Peugeot 208GTI 2013 Road Test

The Peugeot 208GTI is, pitched straight against the Ford Fiesta ST and the RenaultSport Clio. How does it compare? 

Back in 1984 I bought a Peugeot 205 diesel. Then in 1986 I graduated to a 205 1.6GTI.

I loved that car.

It was small, light, space efficient, agile, fun to drive and one of the first cars with a plastic front and back to eliminate rust traps.

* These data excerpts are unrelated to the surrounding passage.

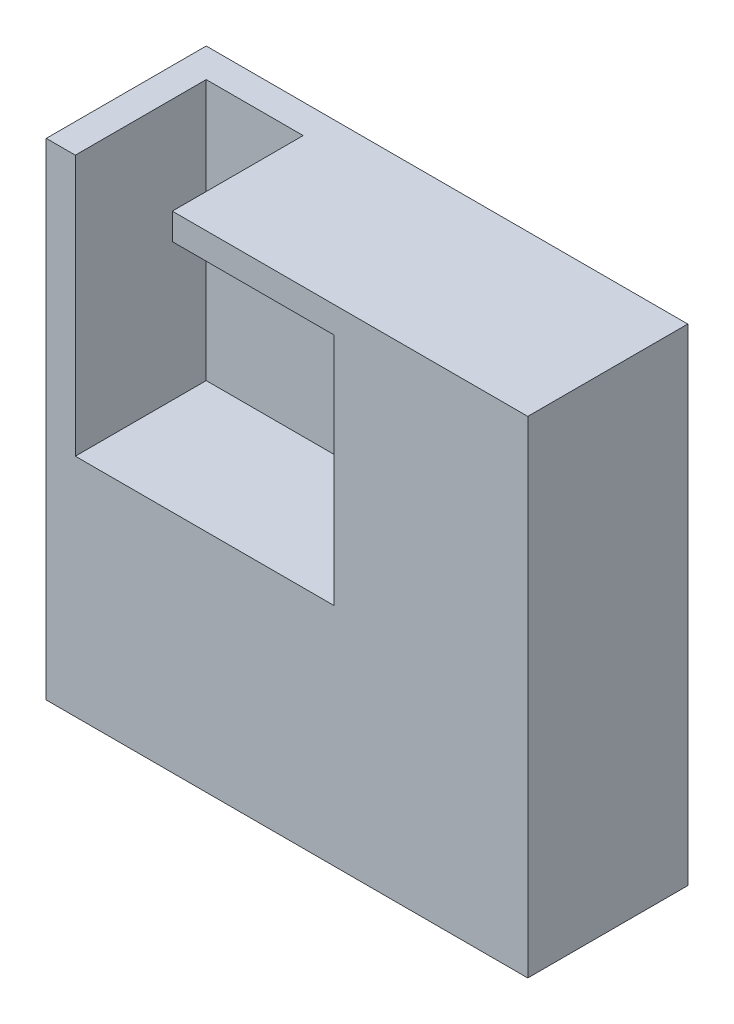
ISO-10303-21;
HEADER;
FILE_DESCRIPTION(('STEP AP214'),'2;1');
FILE_NAME('part.step','',(''),(''),'','','');
FILE_SCHEMA(('AUTOMOTIVE_DESIGN { 1 0 10303 214 1 1 1 1 }'));
ENDSEC;
DATA;
#1=APPLICATION_CONTEXT('core data for automotive mechanical design processes');
#2=APPLICATION_PROTOCOL_DEFINITION('international standard','automotive_design',2000,#1);
#3=PRODUCT_CONTEXT('',#1,'mechanical');
#4=PRODUCT('Part','Part','',(#3));
#5=PRODUCT_RELATED_PRODUCT_CATEGORY('part','',(#4));
#6=PRODUCT_DEFINITION_FORMATION('','',#4);
#7=PRODUCT_DEFINITION_CONTEXT('part definition',#1,'design');
#8=PRODUCT_DEFINITION('design','',#6,#7);
#9=PRODUCT_DEFINITION_SHAPE('','',#8);
#10=(LENGTH_UNIT() NAMED_UNIT(*) SI_UNIT(.MILLI.,.METRE.));
#11=(NAMED_UNIT(*) PLANE_ANGLE_UNIT() SI_UNIT($,.RADIAN.));
#12=(NAMED_UNIT(*) SI_UNIT($,.STERADIAN.) SOLID_ANGLE_UNIT());
#13=UNCERTAINTY_MEASURE_WITH_UNIT(LENGTH_MEASURE(1.E-05),#10,'distance_accuracy_value','');
#14=(GEOMETRIC_REPRESENTATION_CONTEXT(3) GLOBAL_UNCERTAINTY_ASSIGNED_CONTEXT((#13)) GLOBAL_UNIT_ASSIGNED_CONTEXT((#10,
#11,#12)) REPRESENTATION_CONTEXT('',''));
#15=CARTESIAN_POINT('',(0.,0.,0.));
#16=DIRECTION('',(0.,0.,1.));
#17=DIRECTION('',(1.,0.,0.));
#18=AXIS2_PLACEMENT_3D('',#15,#16,#17);
#19=CARTESIAN_POINT('',(0.,0.,9.9));
#20=DIRECTION('',(1.,0.,0.));
#21=DIRECTION('',(0.,1.,0.));
#22=AXIS2_PLACEMENT_3D('',#19,#20,#21);
#23=PLANE('',#22);
#24=DIRECTION('',(0.,-1.,0.));
#25=VECTOR('',#24,1.);
#26=CARTESIAN_POINT('',(0.,0.,0.));
#27=LINE('',#26,#25);
#28=CARTESIAN_POINT('',(0.,30.1,0.));
#29=VERTEX_POINT('',#28);
#30=CARTESIAN_POINT('',(0.,0.,0.));
#31=VERTEX_POINT('',#30);
#32=EDGE_CURVE('E183',#29,#31,#27,.T.);
#33=ORIENTED_EDGE('',*,*,#32,.T.);
#34=DIRECTION('',(0.,0.,-1.));
#35=VECTOR('',#34,1.);
#36=CARTESIAN_POINT('',(0.,0.,9.9));
#37=LINE('',#36,#35);
#38=CARTESIAN_POINT('',(0.,0.,9.9));
#39=VERTEX_POINT('',#38);
#40=EDGE_CURVE('E11',#39,#31,#37,.T.);
#41=ORIENTED_EDGE('',*,*,#40,.F.);
#42=DIRECTION('',(0.,-1.,0.));
#43=VECTOR('',#42,1.);
#44=CARTESIAN_POINT('',(0.,0.,9.9));
#45=LINE('',#44,#43);
#46=CARTESIAN_POINT('',(0.,30.1,9.9));
#47=VERTEX_POINT('',#46);
#48=EDGE_CURVE('E196',#47,#39,#45,.T.);
#49=ORIENTED_EDGE('',*,*,#48,.F.);
#50=DIRECTION('',(0.,0.,-1.));
#51=VECTOR('',#50,1.);
#52=CARTESIAN_POINT('',(0.,30.1,9.9));
#53=LINE('',#52,#51);
#54=EDGE_CURVE('E208',#47,#29,#53,.T.);
#55=ORIENTED_EDGE('',*,*,#54,.T.);
#56=EDGE_LOOP('',(#33,#41,#49,#55));
#57=FACE_BOUND('',#56,.T.);
#58=ADVANCED_FACE('F39',(#57),#23,.F.);
#59=CARTESIAN_POINT('',(0.,0.,9.9));
#60=DIRECTION('',(0.,1.,0.));
#61=DIRECTION('',(0.,0.,1.));
#62=AXIS2_PLACEMENT_3D('',#59,#60,#61);
#63=PLANE('',#62);
#64=DIRECTION('',(1.,0.,0.));
#65=VECTOR('',#64,1.);
#66=CARTESIAN_POINT('',(0.,0.,0.));
#67=LINE('',#66,#65);
#68=CARTESIAN_POINT('',(29.8,0.,0.));
#69=VERTEX_POINT('',#68);
#70=EDGE_CURVE('E212',#31,#69,#67,.T.);
#71=ORIENTED_EDGE('',*,*,#70,.T.);
#72=DIRECTION('',(0.,0.,-1.));
#73=VECTOR('',#72,1.);
#74=CARTESIAN_POINT('',(29.8,0.,9.9));
#75=LINE('',#74,#73);
#76=CARTESIAN_POINT('',(29.8,0.,9.9));
#77=VERTEX_POINT('',#76);
#78=EDGE_CURVE('E47',#77,#69,#75,.T.);
#79=ORIENTED_EDGE('',*,*,#78,.F.);
#80=DIRECTION('',(1.,0.,0.));
#81=VECTOR('',#80,1.);
#82=CARTESIAN_POINT('',(0.,0.,9.9));
#83=LINE('',#82,#81);
#84=EDGE_CURVE('E91',#39,#77,#83,.T.);
#85=ORIENTED_EDGE('',*,*,#84,.F.);
#86=ORIENTED_EDGE('',*,*,#40,.T.);
#87=EDGE_LOOP('',(#71,#79,#85,#86));
#88=FACE_BOUND('',#87,.T.);
#89=ADVANCED_FACE('F261',(#88),#63,.F.);
#90=CARTESIAN_POINT('',(29.8,0.,9.9));
#91=DIRECTION('',(-1.,0.,0.));
#92=DIRECTION('',(0.,-1.,0.));
#93=AXIS2_PLACEMENT_3D('',#90,#91,#92);
#94=PLANE('',#93);
#95=DIRECTION('',(0.,1.,0.));
#96=VECTOR('',#95,1.);
#97=CARTESIAN_POINT('',(29.8,0.,0.));
#98=LINE('',#97,#96);
#99=CARTESIAN_POINT('',(29.8,30.1,0.));
#100=VERTEX_POINT('',#99);
#101=EDGE_CURVE('E215',#69,#100,#98,.T.);
#102=ORIENTED_EDGE('',*,*,#101,.T.);
#103=DIRECTION('',(0.,0.,-1.));
#104=VECTOR('',#103,1.);
#105=CARTESIAN_POINT('',(29.8,30.1,9.9));
#106=LINE('',#105,#104);
#107=CARTESIAN_POINT('',(29.8,30.1,9.9));
#108=VERTEX_POINT('',#107);
#109=EDGE_CURVE('E222',#108,#100,#106,.T.);
#110=ORIENTED_EDGE('',*,*,#109,.F.);
#111=DIRECTION('',(0.,1.,0.));
#112=VECTOR('',#111,1.);
#113=CARTESIAN_POINT('',(29.8,0.,9.9));
#114=LINE('',#113,#112);
#115=EDGE_CURVE('E201',#77,#108,#114,.T.);
#116=ORIENTED_EDGE('',*,*,#115,.F.);
#117=ORIENTED_EDGE('',*,*,#78,.T.);
#118=EDGE_LOOP('',(#102,#110,#116,#117));
#119=FACE_BOUND('',#118,.T.);
#120=ADVANCED_FACE('F229',(#119),#94,.F.);
#121=CARTESIAN_POINT('',(0.,30.1,9.9));
#122=DIRECTION('',(0.,-1.,0.));
#123=DIRECTION('',(0.,0.,-1.));
#124=AXIS2_PLACEMENT_3D('',#121,#122,#123);
#125=PLANE('',#124);
#126=DIRECTION('',(-1.,0.,0.));
#127=VECTOR('',#126,1.);
#128=CARTESIAN_POINT('',(1.79999999999999,30.1,1.8));
#129=LINE('',#128,#127);
#130=CARTESIAN_POINT('',(7.79999999999999,30.1,1.8));
#131=VERTEX_POINT('',#130);
#132=CARTESIAN_POINT('',(1.79999999999999,30.1,1.8));
#133=VERTEX_POINT('',#132);
#134=EDGE_CURVE('E134',#131,#133,#129,.T.);
#135=ORIENTED_EDGE('',*,*,#134,.F.);
#136=DIRECTION('',(0.,0.,1.));
#137=VECTOR('',#136,1.);
#138=CARTESIAN_POINT('',(7.79999999999999,30.1,1.8));
#139=LINE('',#138,#137);
#140=CARTESIAN_POINT('',(7.79999999999999,30.1,9.9));
#141=VERTEX_POINT('',#140);
#142=EDGE_CURVE('E184',#131,#141,#139,.T.);
#143=ORIENTED_EDGE('',*,*,#142,.T.);
#144=DIRECTION('',(-1.,0.,0.));
#145=VECTOR('',#144,1.);
#146=CARTESIAN_POINT('',(0.,30.1,9.9));
#147=LINE('',#146,#145);
#148=EDGE_CURVE('E204',#108,#141,#147,.T.);
#149=ORIENTED_EDGE('',*,*,#148,.F.);
#150=ORIENTED_EDGE('',*,*,#109,.T.);
#151=DIRECTION('',(-1.,0.,0.));
#152=VECTOR('',#151,1.);
#153=CARTESIAN_POINT('',(0.,30.1,0.));
#154=LINE('',#153,#152);
#155=EDGE_CURVE('E84',#100,#29,#154,.T.);
#156=ORIENTED_EDGE('',*,*,#155,.T.);
#157=ORIENTED_EDGE('',*,*,#54,.F.);
#158=CARTESIAN_POINT('',(1.79999999999999,30.1,9.9));
#159=VERTEX_POINT('',#158);
#160=EDGE_CURVE('E62',#159,#47,#147,.T.);
#161=ORIENTED_EDGE('',*,*,#160,.F.);
#162=DIRECTION('',(0.,0.,1.));
#163=VECTOR('',#162,1.);
#164=CARTESIAN_POINT('',(1.79999999999999,30.1,1.8));
#165=LINE('',#164,#163);
#166=EDGE_CURVE('E54',#133,#159,#165,.T.);
#167=ORIENTED_EDGE('',*,*,#166,.F.);
#168=EDGE_LOOP('',(#135,#143,#149,#150,#156,#157,#161,#167));
#169=FACE_BOUND('',#168,.T.);
#170=ADVANCED_FACE('F237',(#169),#125,.F.);
#171=CARTESIAN_POINT('',(0.,0.,9.9));
#172=DIRECTION('',(0.,0.,-1.));
#173=DIRECTION('',(-1.,0.,0.));
#174=AXIS2_PLACEMENT_3D('',#171,#172,#173);
#175=PLANE('',#174);
#176=ORIENTED_EDGE('',*,*,#148,.T.);
#177=DIRECTION('',(0.,1.,0.));
#178=VECTOR('',#177,1.);
#179=CARTESIAN_POINT('',(7.79999999999999,30.1,9.9));
#180=LINE('',#179,#178);
#181=CARTESIAN_POINT('',(7.79999999999999,28.4669153740142,9.9));
#182=VERTEX_POINT('',#181);
#183=EDGE_CURVE('E136',#182,#141,#180,.T.);
#184=ORIENTED_EDGE('',*,*,#183,.F.);
#185=DIRECTION('',(-1.,0.,0.));
#186=VECTOR('',#185,1.);
#187=CARTESIAN_POINT('',(7.79999999999999,28.4669153740142,9.9));
#188=LINE('',#187,#186);
#189=CARTESIAN_POINT('',(17.8,28.4669153740142,9.9));
#190=VERTEX_POINT('',#189);
#191=EDGE_CURVE('E175',#190,#182,#188,.T.);
#192=ORIENTED_EDGE('',*,*,#191,.F.);
#193=DIRECTION('',(0.,1.,0.));
#194=VECTOR('',#193,1.);
#195=CARTESIAN_POINT('',(17.8,28.4669153740142,9.9));
#196=LINE('',#195,#194);
#197=CARTESIAN_POINT('',(17.8,13.9669153740142,9.9));
#198=VERTEX_POINT('',#197);
#199=EDGE_CURVE('E171',#198,#190,#196,.T.);
#200=ORIENTED_EDGE('',*,*,#199,.F.);
#201=DIRECTION('',(1.,0.,0.));
#202=VECTOR('',#201,1.);
#203=CARTESIAN_POINT('',(1.79999999999999,13.9669153740142,9.9));
#204=LINE('',#203,#202);
#205=CARTESIAN_POINT('',(1.79999999999999,13.9669153740142,9.9));
#206=VERTEX_POINT('',#205);
#207=EDGE_CURVE('E167',#206,#198,#204,.T.);
#208=ORIENTED_EDGE('',*,*,#207,.F.);
#209=DIRECTION('',(0.,-1.,0.));
#210=VECTOR('',#209,1.);
#211=CARTESIAN_POINT('',(1.79999999999999,28.4669153740142,9.9));
#212=LINE('',#211,#210);
#213=EDGE_CURVE('E140',#159,#206,#212,.T.);
#214=ORIENTED_EDGE('',*,*,#213,.F.);
#215=ORIENTED_EDGE('',*,*,#160,.T.);
#216=ORIENTED_EDGE('',*,*,#48,.T.);
#217=ORIENTED_EDGE('',*,*,#84,.T.);
#218=ORIENTED_EDGE('',*,*,#115,.T.);
#219=EDGE_LOOP('',(#176,#184,#192,#200,#208,#214,#215,#216,#217,#218));
#220=FACE_BOUND('',#219,.T.);
#221=ADVANCED_FACE('F243',(#220),#175,.F.);
#222=CARTESIAN_POINT('',(0.,0.,0.));
#223=DIRECTION('',(0.,0.,-1.));
#224=DIRECTION('',(-1.,0.,0.));
#225=AXIS2_PLACEMENT_3D('',#222,#223,#224);
#226=PLANE('',#225);
#227=CARTESIAN_POINT('',(14.3,17.4669153740142,0.));
#228=DIRECTION('',(0.,0.,1.));
#229=DIRECTION('',(1.,0.,0.));
#230=AXIS2_PLACEMENT_3D('',#227,#228,#229);
#231=CIRCLE('',#230,2.8);
#232=CARTESIAN_POINT('',(17.1,17.4669153740142,0.));
#233=VERTEX_POINT('',#232);
#234=EDGE_CURVE('E168',#233,#233,#231,.T.);
#235=ORIENTED_EDGE('',*,*,#234,.T.);
#236=EDGE_LOOP('',(#235));
#237=FACE_BOUND('',#236,.T.);
#238=ORIENTED_EDGE('',*,*,#32,.F.);
#239=ORIENTED_EDGE('',*,*,#155,.F.);
#240=ORIENTED_EDGE('',*,*,#101,.F.);
#241=ORIENTED_EDGE('',*,*,#70,.F.);
#242=EDGE_LOOP('',(#238,#239,#240,#241));
#243=FACE_BOUND('',#242,.T.);
#244=ADVANCED_FACE('F233',(#237,#243),#226,.T.);
#245=CARTESIAN_POINT('',(7.79999999999999,30.1,1.8));
#246=DIRECTION('',(1.,0.,0.));
#247=DIRECTION('',(0.,0.,-1.));
#248=AXIS2_PLACEMENT_3D('',#245,#246,#247);
#249=PLANE('',#248);
#250=ORIENTED_EDGE('',*,*,#183,.T.);
#251=ORIENTED_EDGE('',*,*,#142,.F.);
#252=DIRECTION('',(0.,1.,0.));
#253=VECTOR('',#252,1.);
#254=CARTESIAN_POINT('',(7.79999999999999,30.1,1.8));
#255=LINE('',#254,#253);
#256=CARTESIAN_POINT('',(7.79999999999999,28.4669153740142,1.8));
#257=VERTEX_POINT('',#256);
#258=EDGE_CURVE('E160',#257,#131,#255,.T.);
#259=ORIENTED_EDGE('',*,*,#258,.F.);
#260=DIRECTION('',(0.,0.,1.));
#261=VECTOR('',#260,1.);
#262=CARTESIAN_POINT('',(7.79999999999999,28.4669153740142,1.8));
#263=LINE('',#262,#261);
#264=EDGE_CURVE('E188',#257,#182,#263,.T.);
#265=ORIENTED_EDGE('',*,*,#264,.T.);
#266=EDGE_LOOP('',(#250,#251,#259,#265));
#267=FACE_BOUND('',#266,.T.);
#268=ADVANCED_FACE('F246',(#267),#249,.F.);
#269=CARTESIAN_POINT('',(7.79999999999999,28.4669153740142,1.8));
#270=DIRECTION('',(0.,1.,0.));
#271=DIRECTION('',(0.,0.,1.));
#272=AXIS2_PLACEMENT_3D('',#269,#270,#271);
#273=PLANE('',#272);
#274=ORIENTED_EDGE('',*,*,#191,.T.);
#275=ORIENTED_EDGE('',*,*,#264,.F.);
#276=DIRECTION('',(-1.,0.,0.));
#277=VECTOR('',#276,1.);
#278=CARTESIAN_POINT('',(7.79999999999999,28.4669153740142,1.8));
#279=LINE('',#278,#277);
#280=CARTESIAN_POINT('',(17.8,28.4669153740142,1.8));
#281=VERTEX_POINT('',#280);
#282=EDGE_CURVE('E153',#281,#257,#279,.T.);
#283=ORIENTED_EDGE('',*,*,#282,.F.);
#284=DIRECTION('',(0.,0.,1.));
#285=VECTOR('',#284,1.);
#286=CARTESIAN_POINT('',(17.8,28.4669153740142,1.8));
#287=LINE('',#286,#285);
#288=EDGE_CURVE('E191',#281,#190,#287,.T.);
#289=ORIENTED_EDGE('',*,*,#288,.T.);
#290=EDGE_LOOP('',(#274,#275,#283,#289));
#291=FACE_BOUND('',#290,.T.);
#292=ADVANCED_FACE('F249',(#291),#273,.F.);
#293=CARTESIAN_POINT('',(17.8,28.4669153740142,1.8));
#294=DIRECTION('',(1.,0.,0.));
#295=DIRECTION('',(0.,1.,0.));
#296=AXIS2_PLACEMENT_3D('',#293,#294,#295);
#297=PLANE('',#296);
#298=ORIENTED_EDGE('',*,*,#199,.T.);
#299=ORIENTED_EDGE('',*,*,#288,.F.);
#300=DIRECTION('',(0.,1.,0.));
#301=VECTOR('',#300,1.);
#302=CARTESIAN_POINT('',(17.8,28.4669153740142,1.8));
#303=LINE('',#302,#301);
#304=CARTESIAN_POINT('',(17.8,13.9669153740142,1.8));
#305=VERTEX_POINT('',#304);
#306=EDGE_CURVE('E150',#305,#281,#303,.T.);
#307=ORIENTED_EDGE('',*,*,#306,.F.);
#308=DIRECTION('',(0.,0.,1.));
#309=VECTOR('',#308,1.);
#310=CARTESIAN_POINT('',(17.8,13.9669153740142,1.8));
#311=LINE('',#310,#309);
#312=EDGE_CURVE('E145',#305,#198,#311,.T.);
#313=ORIENTED_EDGE('',*,*,#312,.T.);
#314=EDGE_LOOP('',(#298,#299,#307,#313));
#315=FACE_BOUND('',#314,.T.);
#316=ADVANCED_FACE('F251',(#315),#297,.F.);
#317=CARTESIAN_POINT('',(1.79999999999999,13.9669153740142,1.8));
#318=DIRECTION('',(0.,-1.,0.));
#319=DIRECTION('',(0.,0.,-1.));
#320=AXIS2_PLACEMENT_3D('',#317,#318,#319);
#321=PLANE('',#320);
#322=ORIENTED_EDGE('',*,*,#207,.T.);
#323=ORIENTED_EDGE('',*,*,#312,.F.);
#324=DIRECTION('',(1.,0.,0.));
#325=VECTOR('',#324,1.);
#326=CARTESIAN_POINT('',(1.79999999999999,13.9669153740142,1.8));
#327=LINE('',#326,#325);
#328=CARTESIAN_POINT('',(1.79999999999999,13.9669153740142,1.8));
#329=VERTEX_POINT('',#328);
#330=EDGE_CURVE('E131',#329,#305,#327,.T.);
#331=ORIENTED_EDGE('',*,*,#330,.F.);
#332=DIRECTION('',(0.,0.,1.));
#333=VECTOR('',#332,1.);
#334=CARTESIAN_POINT('',(1.79999999999999,13.9669153740142,1.8));
#335=LINE('',#334,#333);
#336=EDGE_CURVE('E138',#329,#206,#335,.T.);
#337=ORIENTED_EDGE('',*,*,#336,.T.);
#338=EDGE_LOOP('',(#322,#323,#331,#337));
#339=FACE_BOUND('',#338,.T.);
#340=ADVANCED_FACE('F147',(#339),#321,.F.);
#341=CARTESIAN_POINT('',(1.79999999999999,28.4669153740142,1.8));
#342=DIRECTION('',(-1.,0.,0.));
#343=DIRECTION('',(0.,-1.,0.));
#344=AXIS2_PLACEMENT_3D('',#341,#342,#343);
#345=PLANE('',#344);
#346=ORIENTED_EDGE('',*,*,#213,.T.);
#347=ORIENTED_EDGE('',*,*,#336,.F.);
#348=DIRECTION('',(0.,-1.,0.));
#349=VECTOR('',#348,1.);
#350=CARTESIAN_POINT('',(1.79999999999999,28.4669153740142,1.8));
#351=LINE('',#350,#349);
#352=EDGE_CURVE('E126',#133,#329,#351,.T.);
#353=ORIENTED_EDGE('',*,*,#352,.F.);
#354=ORIENTED_EDGE('',*,*,#166,.T.);
#355=EDGE_LOOP('',(#346,#347,#353,#354));
#356=FACE_BOUND('',#355,.T.);
#357=ADVANCED_FACE('F139',(#356),#345,.F.);
#358=CARTESIAN_POINT('',(0.,0.,1.8));
#359=DIRECTION('',(0.,0.,-1.));
#360=DIRECTION('',(-1.,0.,0.));
#361=AXIS2_PLACEMENT_3D('',#358,#359,#360);
#362=PLANE('',#361);
#363=CARTESIAN_POINT('',(14.3,17.4669153740142,1.8));
#364=DIRECTION('',(0.,0.,1.));
#365=DIRECTION('',(1.,0.,0.));
#366=AXIS2_PLACEMENT_3D('',#363,#364,#365);
#367=CIRCLE('',#366,2.8);
#368=CARTESIAN_POINT('',(17.1,17.4669153740142,1.8));
#369=VERTEX_POINT('',#368);
#370=EDGE_CURVE('E364',#369,#369,#367,.T.);
#371=ORIENTED_EDGE('',*,*,#370,.F.);
#372=EDGE_LOOP('',(#371));
#373=FACE_BOUND('',#372,.T.);
#374=ORIENTED_EDGE('',*,*,#352,.T.);
#375=ORIENTED_EDGE('',*,*,#330,.T.);
#376=ORIENTED_EDGE('',*,*,#306,.T.);
#377=ORIENTED_EDGE('',*,*,#282,.T.);
#378=ORIENTED_EDGE('',*,*,#258,.T.);
#379=ORIENTED_EDGE('',*,*,#134,.T.);
#380=EDGE_LOOP('',(#374,#375,#376,#377,#378,#379));
#381=FACE_BOUND('',#380,.T.);
#382=ADVANCED_FACE('F128',(#373,#381),#362,.F.);
#383=CARTESIAN_POINT('',(14.3,17.4669153740142,0.));
#384=DIRECTION('',(0.,0.,1.));
#385=DIRECTION('',(1.,0.,0.));
#386=AXIS2_PLACEMENT_3D('',#383,#384,#385);
#387=CYLINDRICAL_SURFACE('',#386,2.8);
#388=ORIENTED_EDGE('',*,*,#234,.F.);
#389=EDGE_LOOP('',(#388));
#390=FACE_BOUND('',#389,.T.);
#391=ORIENTED_EDGE('',*,*,#370,.T.);
#392=EDGE_LOOP('',(#391));
#393=FACE_BOUND('',#392,.T.);
#394=ADVANCED_FACE('F281',(#390,#393),#387,.F.);
#395=CLOSED_SHELL('',(#58,#89,#120,#170,#221,#244,#268,#292,#316,#340,#357,#382,#394));
#396=MANIFOLD_SOLID_BREP('B2',#395);
#397=ADVANCED_BREP_SHAPE_REPRESENTATION('',(#18,#396),#14);
#398=SHAPE_DEFINITION_REPRESENTATION(#9,#397);
ENDSEC;
END-ISO-10303-21;

The similar looking Ford Fiesta that followed was a very poor copy. And so were the warmed over versions of it.

But since 205 days, the huge sales success of the Peugeot 206, (of which more than 7 million were sold) was not matched by the character of the car. And, while the 207 managed to recapture a bit of the magic of the 205, it was hardly a groundbreaker.

So now Peugeot has dumped the design and come up with an entirely new 208.

Smaller outside, bigger inside, lighter, more fuel-efficient, with the promise of putting some Peugeot fun back into driving.

I didn’t find that in the cooking petrol and diesel versions, so, after driving the excellent Ford Fiesta ST, I was a bit apprehensive that the 208GTI would not measure up.

Happily it does, but in a slightly different way.

0-60 of 6.5 seconds is the same. CO2 emissions of 139g/km are the same. Power is slightly down in the Fiesta at 180PS against 200PS of the Peugeot. But torque is the same, with 240Nm from just 1,500 rpm, rising to 275Nm from 1,700rpm in the Peugeot.

They’re even on similar tyres: 205/45 R17 Michelin Pilot Exaltos, in the case of the Peugeot.

So they’re similarly eager, they track round corners in a similar way, they steer well. But the Peugeot is a bit more refined, both in engine noise and in ride quality. It’s less of a hot rod and more of a posh rod. Probably more suited to Britain’s crumbling, pot-holed roads than the Fiesta.

Inside, the Peugeot cockpit beats the Fiesta’s with a small, leather covered steering wheel, line-of-sight instruments, including both digital and analogue speedometers, and a line-of sight 7” satnav screen that’s intuitive to use. Materials are also better, with nice, grippy leather sports seats that don’t pinch your shoulders, and plenty of room inside.

The 208GTI is a genuine 5-seater, with a touch of class. And when you consider that to get similar levels of equipment in the Fiesta ST you have to fork out an extra £1,000, the price gap between the two cars narrows.

Put it this way. I’m no racing driver, but driving the Fiesta ST, I wondered what it would be like on a racetrack on slicks. Driving the 208GTI, with its better refinement, I thought the Peugeot more a car I could live with day by day and no such thoughts came to mind.

I’ll have to leave that to my co-driver, Bradley Philpot, who will be driving a race prepared 208GTI in the Nurburgring 24 hour race (see the video).

And what about the RenaultSport Clio? According to those who have driven all three, the Clio’s torque comes in later and gear ratios are more widely spaced, which make it less pleasant and harder work to drive, despite the paddleshifting Efficient Dual Clutch gearbox.

But the Renault is the only one of the three with five doors so, if you have a wife and kids, the combination of back doors and an autobox may leave any suggestion of the Fiesta ST or 208 GTI up the creek without a paddle.